2.          Ho:     For some years now, fiscal policies have not been properly implemented.

              H1:    For some years now, fiscal policies have been properly implemented.




            The scope of this research work has been limited to fiscal policy formulations and implementation in Nigeria between 1998 and 2000. it also includes the relationship between fiscal policies and other government economic policies how it is used to fight inflation, unemployment, encourage, investment/production of goods and services and generally encourage private participation in economy building.

            This study further highlights the relevance of fiscal policies in the Nigeria economy. Its emphasis, encompasses the component of fiscal policies. Its relationship with other disciplines, how it is used in the economy. It does not however include comparison with other countries since economic structure and system differ and therefore would amount to unfair comparison. Constraints faced during this research work include.

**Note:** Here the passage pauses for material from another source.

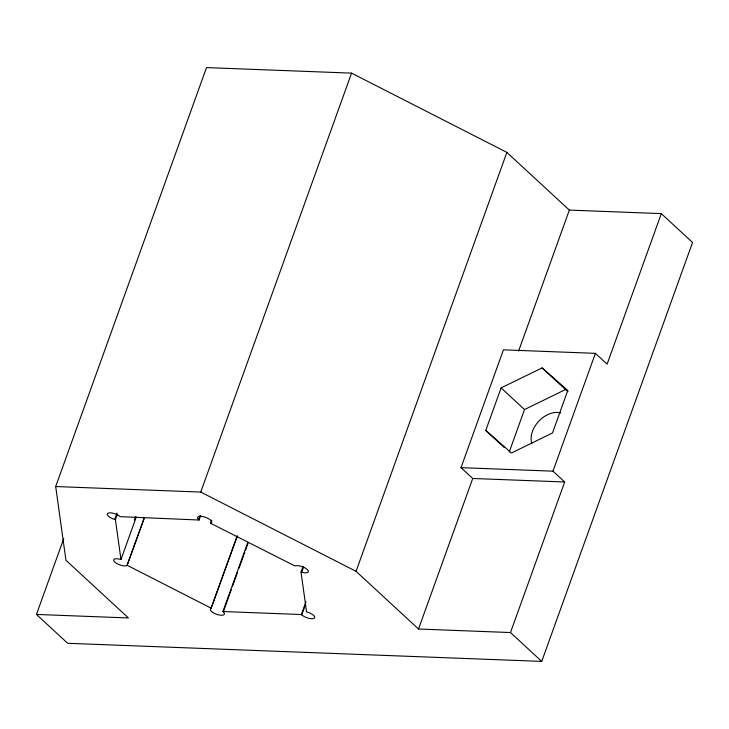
<?xml version="1.0" encoding="UTF-8"?>
<svg xmlns="http://www.w3.org/2000/svg" width="729" height="729" viewBox="0 0 729 729"><rect width="100%" height="100%" fill="white"/><g stroke="black" fill="none" stroke-linecap="round" stroke-linejoin="round"><path stroke-width="1.09" d="M36.45 614.438L128.413 617.955L65.938 560.236L55.686 486.535L206.517 67.597L351.569 73.137L506.874 152.379L569.349 210.098L661.312 213.615L692.55 242.465L541.729 661.403L67.688 643.297L36.45 614.438L63.742 538.631M144.57 517.535L127.019 565.567A7.481 2.743 19.8 0 1 114.754 562.095A7.481 2.743 19.8 0 1 120.258 559.316L120.968 559.517L115.419 519.64L114.717 519.449L117.014 513.061M115.419 519.64L117.333 514.328M134.428 519.959L135.576 516.77M120.968 559.517L136.287 516.97M127.019 565.567L144.251 517.699M55.686 486.535L200.739 492.066L351.569 73.137M200.612 515.758L199.081 520.014L198.689 519.659L200.22 515.403M302.936 566.715L301.022 572.037L301.733 572.238A7.481 2.743 19.8 0 0 307.237 569.449A7.481 2.743 19.8 0 0 294.963 565.986L210.635 523.276L211.784 520.087M210.635 523.276L211.72 520.989M247.805 542.394L222.91 611.531L223.302 611.895A7.481 2.743 19.8 0 1 217.798 614.675A7.481 2.743 19.8 0 1 211.036 608.433L237.071 536.097M211.036 608.433L237.39 535.933M223.685 610.829L231.348 589.551M232.496 586.362L237.472 572.538M239.003 568.283L244.753 552.327M245.518 550.195L248.197 542.75M301.733 572.238L303.647 566.916M301.022 572.037L306.563 611.904L307.274 612.105A7.481 2.743 19.8 0 1 314.035 618.356A7.481 2.743 19.8 0 1 301.77 614.893L301.378 614.529L305.97 601.762M301.77 614.893L305.597 604.25M541.729 661.403L510.491 632.544L418.519 629.027L356.053 571.317L506.874 152.379M510.491 632.544L564.693 481.987L472.729 478.479L461.01 467.654L503.429 349.829L595.393 353.346L607.111 364.163L661.312 213.615M485.769 430.447L501.087 387.901L542.103 367.899L567.8 390.443L552.482 432.99L511.466 452.991L485.769 430.447L504.35 447.615M418.519 629.027L472.729 478.479M518.601 351.041L569.349 210.098M509.197 452.089L524.515 409.543L565.531 389.541L568.019 391.719M564.693 481.987L552.974 471.171L595.393 353.346M461.01 467.654L552.974 471.171M199.081 520.014L120.221 516.661A7.481 2.743 19.8 0 0 107.947 513.198A7.481 2.743 19.8 0 0 114.717 519.449M222.91 611.531L301.378 614.529M200.739 492.066L356.053 571.317M127.338 565.403L211.355 608.268M542.103 367.899L565.531 389.541M501.087 387.901L524.515 409.543M531.806 443.505A22.435 15.774 -47.3 0 1 538.849 421.143A22.435 15.774 -47.3 0 1 560.619 412.96M198.689 519.659A7.481 2.743 19.8 0 1 204.193 516.87A7.481 2.743 19.8 0 1 210.954 523.121"/></g></svg>

  1. Limitation of cost and time
  2. Restricted access to some classified documents
  3. Fiscal disability and scarcity of related items.




            As a result of unequal importance of a stable and unstable economy to both the public and private sectors, this research work will be of benefits to

  1. Government for better planning of all policies related to their responsibilities to the economy in particular and the country as a whole.
  2. The professional – who analyze the economic system and whom this study will give an insight into further research and application in their academic fields.
  3. Students – as part of their academic pursuit.
  4. The entrepreneurs and Business men who also need to understand the implications and effects of certain fiscal policies that can have on their fortunes directly or indirectly.



STATUTORY ALLOCATION: A fund established by the federal government for pooling of extra – budgetary revenue of unexpected income especially from oil exports. It also provided a sources of fund for emergency purpose

TAX: Compulsory payments by individuals corporate organization and partnership into the pursue of government for running of its activities.

TAX AVOIDANCE: A legitimate way of not paying tax by engaging in non-taxable activities.

TAX EVATION: An illegal way of not paying tax, one is liable to pay to the government. It is a criminal offence.

PER CAPITAL INCOME: A method of assessing the standard of living in any country. It involves determining potential income per person in an economy.

MULTINATIONALS: Large firms in Nigerian that are one of the numerous subsidiaries of the parent companies aboard.

FOREIGN POLICY: Articulated course of action that defines Nigeria’s relationship with other countries and its stand and attitude towards certain international issues.

BUDGET: An economic tool used by government to estimate its expected revenue and project expenditure over a period of time usually a year.

MARGINAL PROPENSITY OF INVESTMENT: That degree of increase in investment due to increase in income.

INFLATION RATE: The rate or speed at which the general price level are increasing.

MARGINAL PROPENSITY TO CONSUME: That degree of increase in consumption level as a result of increase income.

DEBT CONVERSION PROGRAMME: A system initiated by the federal government through the central bank in which the country’s external debts are sold through auction to interested parties.

NATIONAL ROLLING PLAN: A kind of fiscal policy adopted by government especially during 198 – 2000 year which aimed at achieving real economic growth and macroeconomic stability in order to fight the problems of unemployment and poverty in the society.